The forecast is a low-confidence bet, and I want to be explicit about the number. All of this leans, implicitly, on the models not rapidly steamrolling past their current limits — on the next leap requiring architectural breakthroughs rather than just more data and compute. I'd put my confidence there at maybe 4 in 10. Genuinely: I don't know, and I don't think anyone does. So the rational posture is an asymmetric bet — act as if the thesis is right, because the actions it implies (learn the fundamentals deeply, build the scaffolding skills) are valuable even if it's wrong; but don't build a twenty-year plan that requires it to be right. Certainty on the mechanism; humility on the forecast. Conflating the two is how smart people get blindsided.
What I'm learning from the juniors
If the essay stopped there it would still be a senior engineer reassuring himself, and I'd deserve the eye-roll. So the honest ending is the reciprocal skill gap — the things the newer cohort does better than I do, which I've had to watch and learn.
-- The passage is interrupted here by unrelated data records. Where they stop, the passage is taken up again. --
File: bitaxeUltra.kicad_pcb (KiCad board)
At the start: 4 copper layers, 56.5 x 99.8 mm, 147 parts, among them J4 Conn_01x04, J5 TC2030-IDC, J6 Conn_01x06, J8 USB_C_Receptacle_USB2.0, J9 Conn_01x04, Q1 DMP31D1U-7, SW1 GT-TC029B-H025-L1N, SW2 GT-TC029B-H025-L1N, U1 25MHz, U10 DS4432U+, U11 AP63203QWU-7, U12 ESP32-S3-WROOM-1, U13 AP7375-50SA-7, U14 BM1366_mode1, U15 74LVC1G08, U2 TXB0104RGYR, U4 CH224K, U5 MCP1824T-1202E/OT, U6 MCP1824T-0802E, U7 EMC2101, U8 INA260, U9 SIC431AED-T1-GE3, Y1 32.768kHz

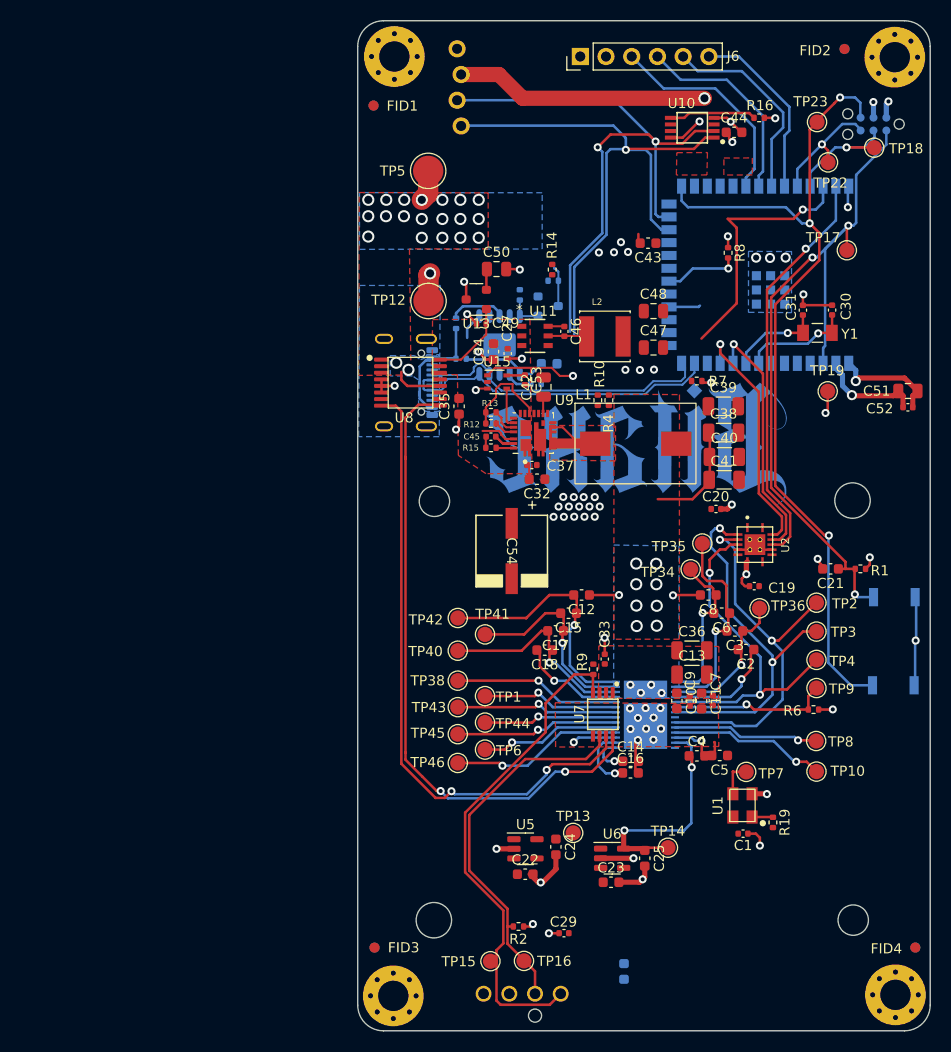
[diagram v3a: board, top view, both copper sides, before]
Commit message: 3.3V net fix, PCB progress
Fixed accidental use of both 3V3 and 3.3V to just use 3V3. Worked on PCB
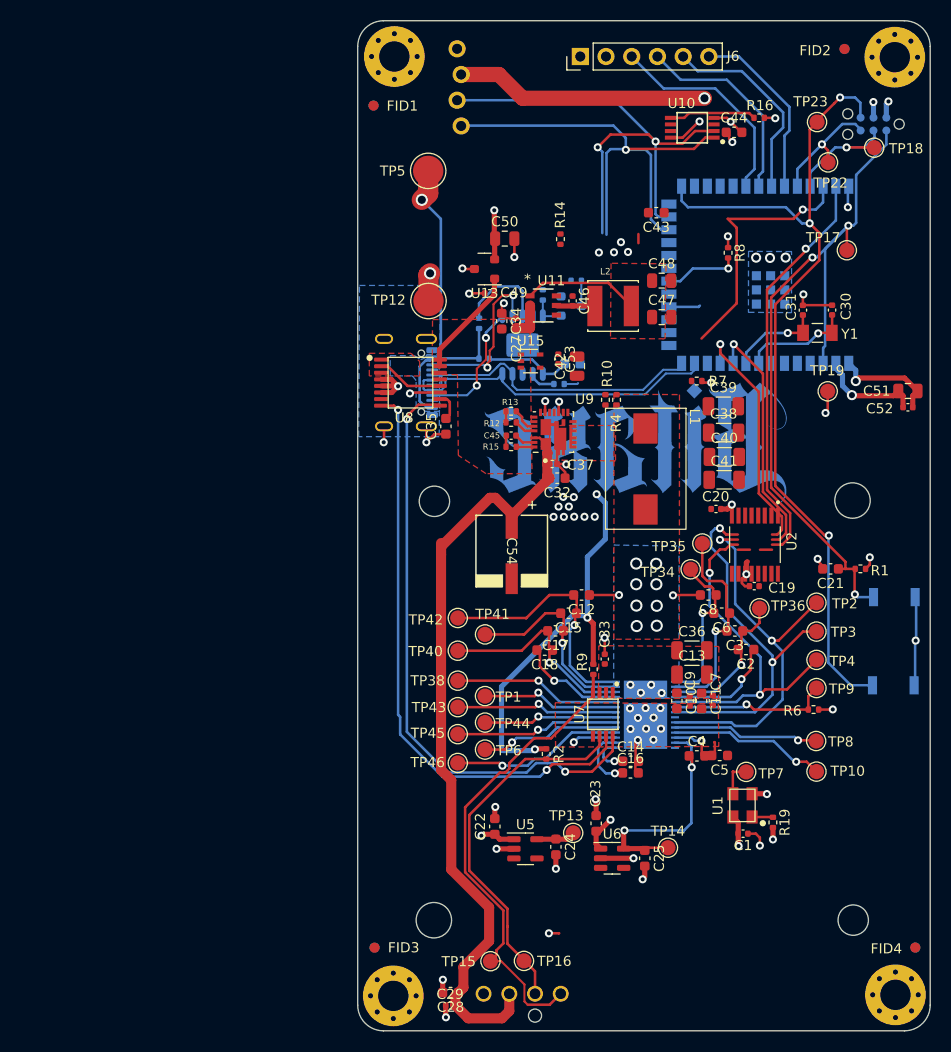
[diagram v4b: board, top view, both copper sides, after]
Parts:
- C28: moved to F.Cu
- U2: value TXB0104RGYR -> SN74AVC4T774PWR; footprint bitaxe:TXB0104 -> bitaxe:SOP65P640X120-16N
- moved R2 17.3 mm to (95.8, 119.9), turned to 90 degrees
- moved C28 17.3 mm to (86.4, 143.5), turned to 180 degrees
- moved C29 13.3 mm to (86.4, 144.8)
- moved C23 6.00 mm to (100.7, 126.8), turned to 90 degrees
- moved C22 5.59 mm to (90.7, 127.1), turned to 90 degrees
- moved C42 3.90 mm to (98.9, 81.6)
- moved C53 3.90 mm to (97.0, 80.9)
- moved U15 3.90 mm to (94.3, 81.1)
- moved C34 3.12 mm to (91.4, 77.2), turned to -90 degrees
- moved C46 3.12 mm to (98.4, 75.2)
- moved L2 3.12 mm to (102.4, 75.7)
- moved C27 3.12 mm to (92.8, 77.4), turned to 90 degrees
- moved C48 3.12 mm to (107.2, 73.2)
- moved C49 3.12 mm to (90.2, 74.4)
- moved C43 3.12 mm to (106.7, 66.5)
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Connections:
- C1 pad 2: +3.3V -> +3V3
- C20 pad 1: +3.3V -> +3V3
- R19 pad 2: +3.3V -> +3V3
- R2 pad 2: +3V3 -> +5V
- U1 pad 4: +3.3V -> +3V3
- U2 pad 1: +1V8 -> GND
- U2 pad 11: /RST -> /BM1366/RO
- U2 pad 12: /TX -> /BM1366/CLKI_HI
- U2 pad 13: /RX -> /RST
- U2 pad 14: +3.3V -> /TX
- U2 pad 15: GND -> +3V3
- U2 pad 16: GND -> +1V2
- U2 pad 2: /BM1366/RO -> GND
- U2 pad 5: GND -> /BM1366/CLKI
- U2 pad 6: unconnected-(U2-NC-Pad6) -> /RX
- U2 pad 8: +1V8 -> +1V2
- U2 pad 9: unconnected-(U2-NC-Pad9) -> GND
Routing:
- net +12V: track 13.1 -> 92.8 mm
- net +5V: track 2.07 -> 45.2 mm, vias 0 -> 4
- net +3V3: track 49.3 -> 72.4 mm, vias 9 -> 12
- net IN+: track 19.6 -> 40.9 mm, vias 21 -> 1
- net GND: track 112.9 -> 129.7 mm, vias 66 -> 65
- net Net-(J8-CC2): track 0.00 -> 16.5 mm, vias 0 -> 2
- net /SDA: track 122.5 -> 107.2 mm
- net /SCL: track 125.5 -> 111.3 mm
- net /VDD: track 42.5 -> 31.2 mm
- net Net-(Q1-D): track 13.3 -> 2.50 mm, vias 1 -> 0
- net Net-(J8-CC1): track 2.64 -> 12.7 mm, vias 0 -> 2
- net Net-(L1-Pad1): track 8.78 -> 0.00 mm
- net /Power/VOUT_INTERNAL: track 9.28 -> 1.10 mm
- net /Power/ASIC_EN: track 3.99 -> 0.00 mm
- net +1V2: track 0.00 -> 3.84 mm
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- added copper zone on In2.Cu, net +5V

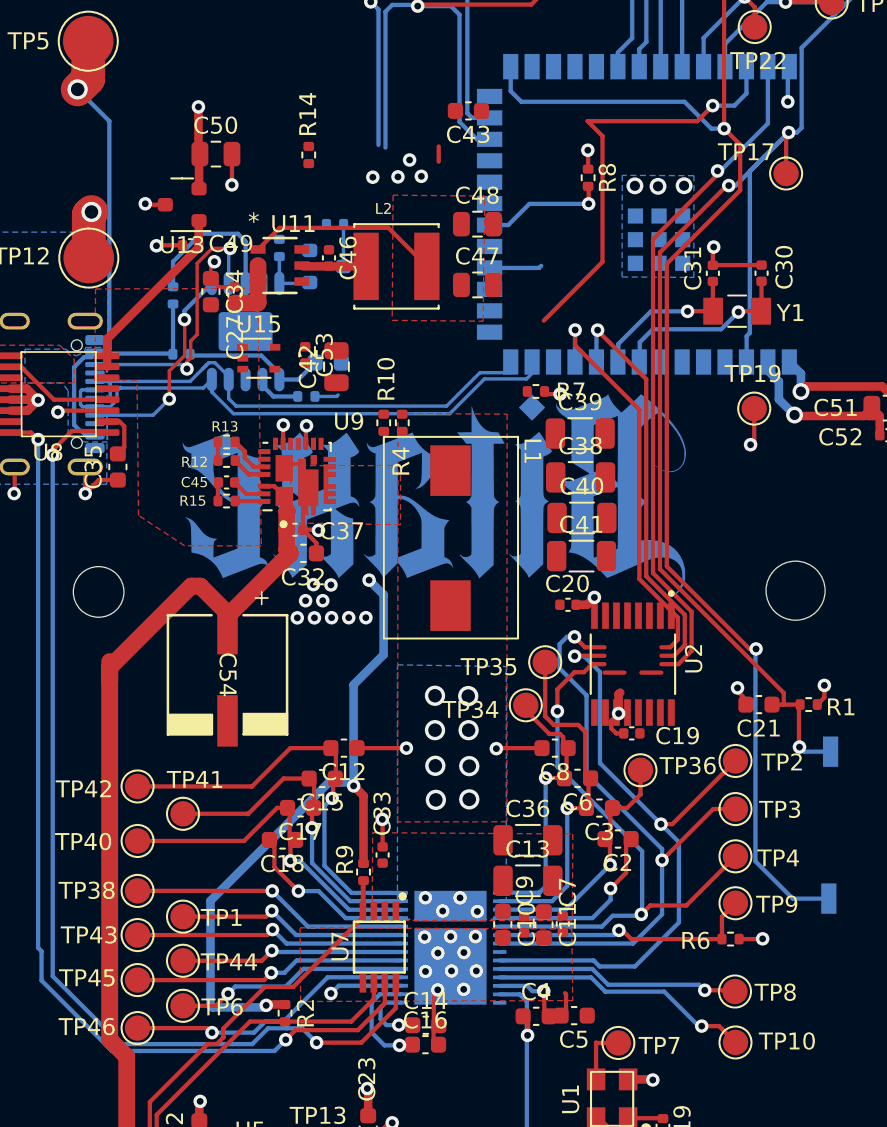
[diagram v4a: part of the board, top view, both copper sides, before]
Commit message: Layout work
Working on power supplies - moved VDD south, added nice planes for it. Started cleaning up around new level shifter.
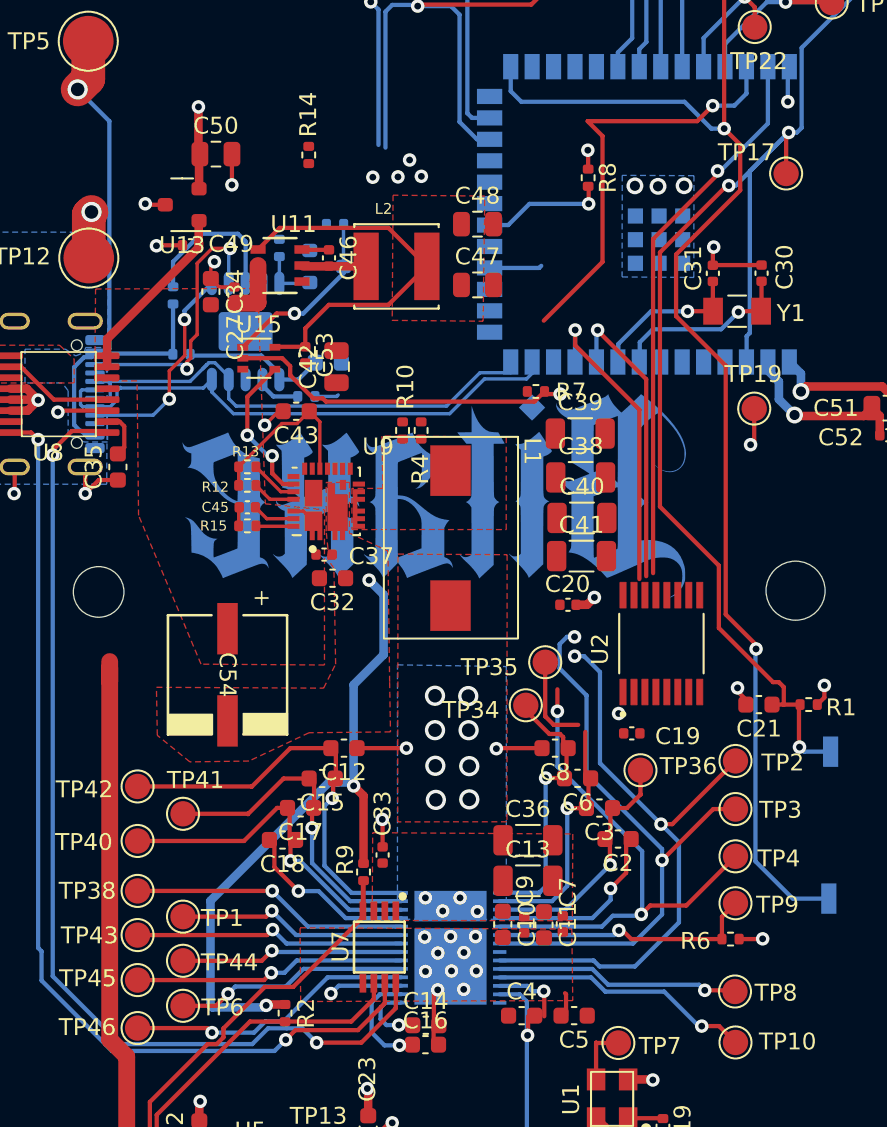
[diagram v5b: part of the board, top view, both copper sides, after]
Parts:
- moved C43 20.5 mm to (96.5, 84.3)
- moved C37 2.27 mm to (98.1, 92.8)
- moved U9 2.27 mm to (98.2, 89.6)
- moved C32 2.27 mm to (98.6, 94.2)
- moved U2 2.08 mm to (118.1, 98.0), turned to 90 degrees
- moved C45 1.92 mm to (93.6, 90.0)
- moved R12 1.92 mm to (93.6, 88.7)
- moved R13 1.92 mm to (93.6, 87.6)
- moved R15 1.92 mm to (93.6, 91.1)
- moved R10 1.21 mm to (102.8, 85.4)
- moved R4 1.21 mm to (103.9, 85.4)
- moved C4 0.86 mm to (109.8, 120.1)
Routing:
- net /ESP32/PWR_EN: track 4.10 -> 23.6 mm
- net +12V: track 92.8 -> 73.6 mm
- net GND: track 129.7 -> 116.0 mm, vias 65 -> 54
- net +3V3: track 72.4 -> 84.0 mm
- net /Power/VOUT_INTERNAL: track 1.10 -> 10.3 mm
- net /Power/ASIC_EN: track 0.00 -> 9.13 mm, vias 0 -> 2
- net Net-(Q1-D): track 2.50 -> 10.7 mm, vias 0 -> 1
- net /RST: track 40.6 -> 32.9 mm
- net /TX: track 24.4 -> 17.7 mm
- net /RX: track 23.9 -> 18.2 mm
- net /BM1366/RST_N: track 34.5 -> 31.1 mm
- net /BM1366/RO: track 37.6 -> 35.5 mm
- net /BM1366/CI: track 38.3 -> 36.5 mm
- net Net-(U11-BST): track 0.00 -> 1.61 mm
- net /ESP32/IO0: track 85.7 -> 85.0 mm
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
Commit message: Layout completed for concept 1
Need to still work on vias and fills, move some parts around.
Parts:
- moved R19 41.8 mm to (119.8, 84.9), turned to 180 degrees
- moved C1 37.4 mm to (120.2, 90.7), turned to 0 degrees
- moved U1 36.9 mm to (119.6, 88.3), turned to 180 degrees
- moved R14 16.7 mm to (110.3, 79.5), turned to 180 degrees
- moved C44 9.20 mm to (105.2, 58.4), turned to 90 degrees
- moved R7 7.57 mm to (103.3, 81.5), turned to -90 degrees
- moved R10 6.59 mm to (96.2, 86.1), turned to 180 degrees
- moved C19 3.36 mm to (114.2, 100.8)
- moved C42 2.72 mm to (101.0, 83.3)
- moved C43 2.66 mm to (98.7, 85.8), turned to 0 degrees
- moved C47 2.29 mm to (106.6, 79.0), turned to -90 degrees
- moved C48 1.94 mm to (106.7, 71.3), turned to 90 degrees
- moved R4 0.67 mm to (104.4, 85.0), turned to 180 degrees
- moved C16 0.42 mm to (104.3, 122.2)
- moved R17 0.36 mm to (97.2, 83.1)
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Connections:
- U2 pad 1: GND -> +1V2
- U2 pad 11: /BM1366/RO -> /BM1366/CLKI_HI
- U2 pad 12: /BM1366/CLKI_HI -> /RST
- U2 pad 13: /RST -> /TX
- U2 pad 14: /TX -> /RX
- U2 pad 3: /BM1366/CI -> /BM1366/RO
- U2 pad 4: /BM1366/RST_N -> /BM1366/CI
- U2 pad 5: /BM1366/CLKI -> /BM1366/RST_N
- U2 pad 6: /RX -> /BM1366/CLKI
- U2 pad 8: +1V2 -> GND
- U9 pad 11: unconnected-(U9-GL-Pad10) -> unconnected-(U9-GL-Pad11)
- U9 pad 28: unconnected-(U9-GL-Pad10) -> unconnected-(U9-GL-Pad28)
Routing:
- net +1V2: track 3.84 -> 95.5 mm, vias 0 -> 4
- net /Power/ASIC_EN: track 9.13 -> 81.3 mm, vias 2 -> 6
- net GND: track 116.0 -> 165.9 mm, vias 54 -> 68
- net /Power/VDD_FB: track 0.00 -> 47.2 mm, vias 0 -> 4
- net +3V3: track 84.0 -> 124.7 mm, vias 12 -> 25
- net /BM1366/CLKI: track 3.51 -> 31.5 mm, vias 0 -> 2
- net /VDD: track 31.2 -> 58.1 mm, vias 15 -> 17
- net /ESP32/PGOOD: track 0.00 -> 23.4 mm, vias 0 -> 1
- net /SCL: track 111.3 -> 133.9 mm
- net /SDA: track 107.2 -> 128.9 mm
- net +12V: track 73.6 -> 84.1 mm
- net /BM1366/RST_N: track 31.1 -> 40.3 mm
- net /BM1366/CLKI_HI: track 0.00 -> 6.17 mm
- net /BM1366/RO: track 35.5 -> 29.8 mm, vias 2 -> 1
- net Net-(U9-VDRV): track 0.00 -> 4.87 mm
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
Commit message: Release Candidate 205pd
Everything ordered. Let's see how it goes!
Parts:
- moved R19 42.1 mm to (129.3, 126.0)
- moved U1 41.4 mm to (127.8, 128.9)
- moved C1 41.4 mm to (128.4, 131.3)
- moved U2 31.0 mm to (120.6, 129.0), turned to 0 degrees
- moved C20 30.2 mm to (123.2, 124.1), turned to 90 degrees
- moved C19 25.8 mm to (121.6, 125.5)
- moved C35 18.6 mm to (89.2, 69.2), turned to -90 degrees
- moved U8 14.8 mm to (83.3, 68.4)
- moved U13 11.0 mm to (92.4, 61.4), turned to 90 degrees
- moved C49 10.3 mm to (91.0, 64.2)
- moved C50 6.61 mm to (95.6, 63.7), turned to -90 degrees
- moved C51 2.69 mm to (128.9, 84.5)
- moved C52 2.69 mm to (128.9, 86.1)
- moved C37 0.45 mm to (98.0, 93.2)
- moved C32 0.36 mm to (98.6, 94.5)
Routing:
- net /TX: track 19.1 -> 59.1 mm
- net /RST: track 34.9 -> 74.9 mm
- net /RX: track 19.3 -> 58.7 mm
- net +1V2: track 95.5 -> 65.4 mm, vias 4 -> 1
- net IN+: track 40.9 -> 19.2 mm, vias 4 -> 8
- net GND: track 165.9 -> 154.2 mm, vias 68 -> 80
- net +12V: track 84.1 -> 72.8 mm
- net /BM1366/CI: track 32.9 -> 43.7 mm, vias 1 -> 2
- net /BM1366/RO: track 29.8 -> 40.1 mm
- net /BM1366/CLKI: track 31.5 -> 22.8 mm, vias 2 -> 1
- net /BM1366/RST_N: track 40.3 -> 33.5 mm, vias 2 -> 1
- net /SCL: track 133.9 -> 128.6 mm, vias 4 -> 3
- net /BM1366/CLKI_HI: track 6.17 -> 3.26 mm
- net +5V: track 45.2 -> 42.7 mm, vias 4 -> 11
- net /SDA: track 128.9 -> 127.4 mm
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- added copper zone on F.Cu, net +5V

- They ship before it's perfect, and they don't lose sleep over it. Those of us trained in the deterministic era over-engineer by reflex — designing for scale that never arrives, abstracting before there are two cases to abstract, optimizing before profiling. Watching someone ship a working product in a week while I'm still drawing boxes is humbling, and correct more often than I'd like.
- They think in natural-language contracts natively. Specifying behavior in prose is intuitive to them in a way it isn't to engineers who default to code. Which is a deeply ironic gap to have, given I just spent a whole essay arguing that natural-language-as-contract is the entire game.
- They're comfortable with "good enough." I'm still learning that one.
So the real shape of it isn't "my generation is safe and theirs isn't." It's that the deterministic foundation is a genuine, hard-to-replicate advantage and it comes bundled with habits that are now liabilities — and the people without the foundation have exactly the instincts I need to borrow. The golden age, if it's real, belongs to whoever can hold both: the old discipline and the new comfort with shipping into uncertainty. I'm trying to be that person. I'm not all the way there.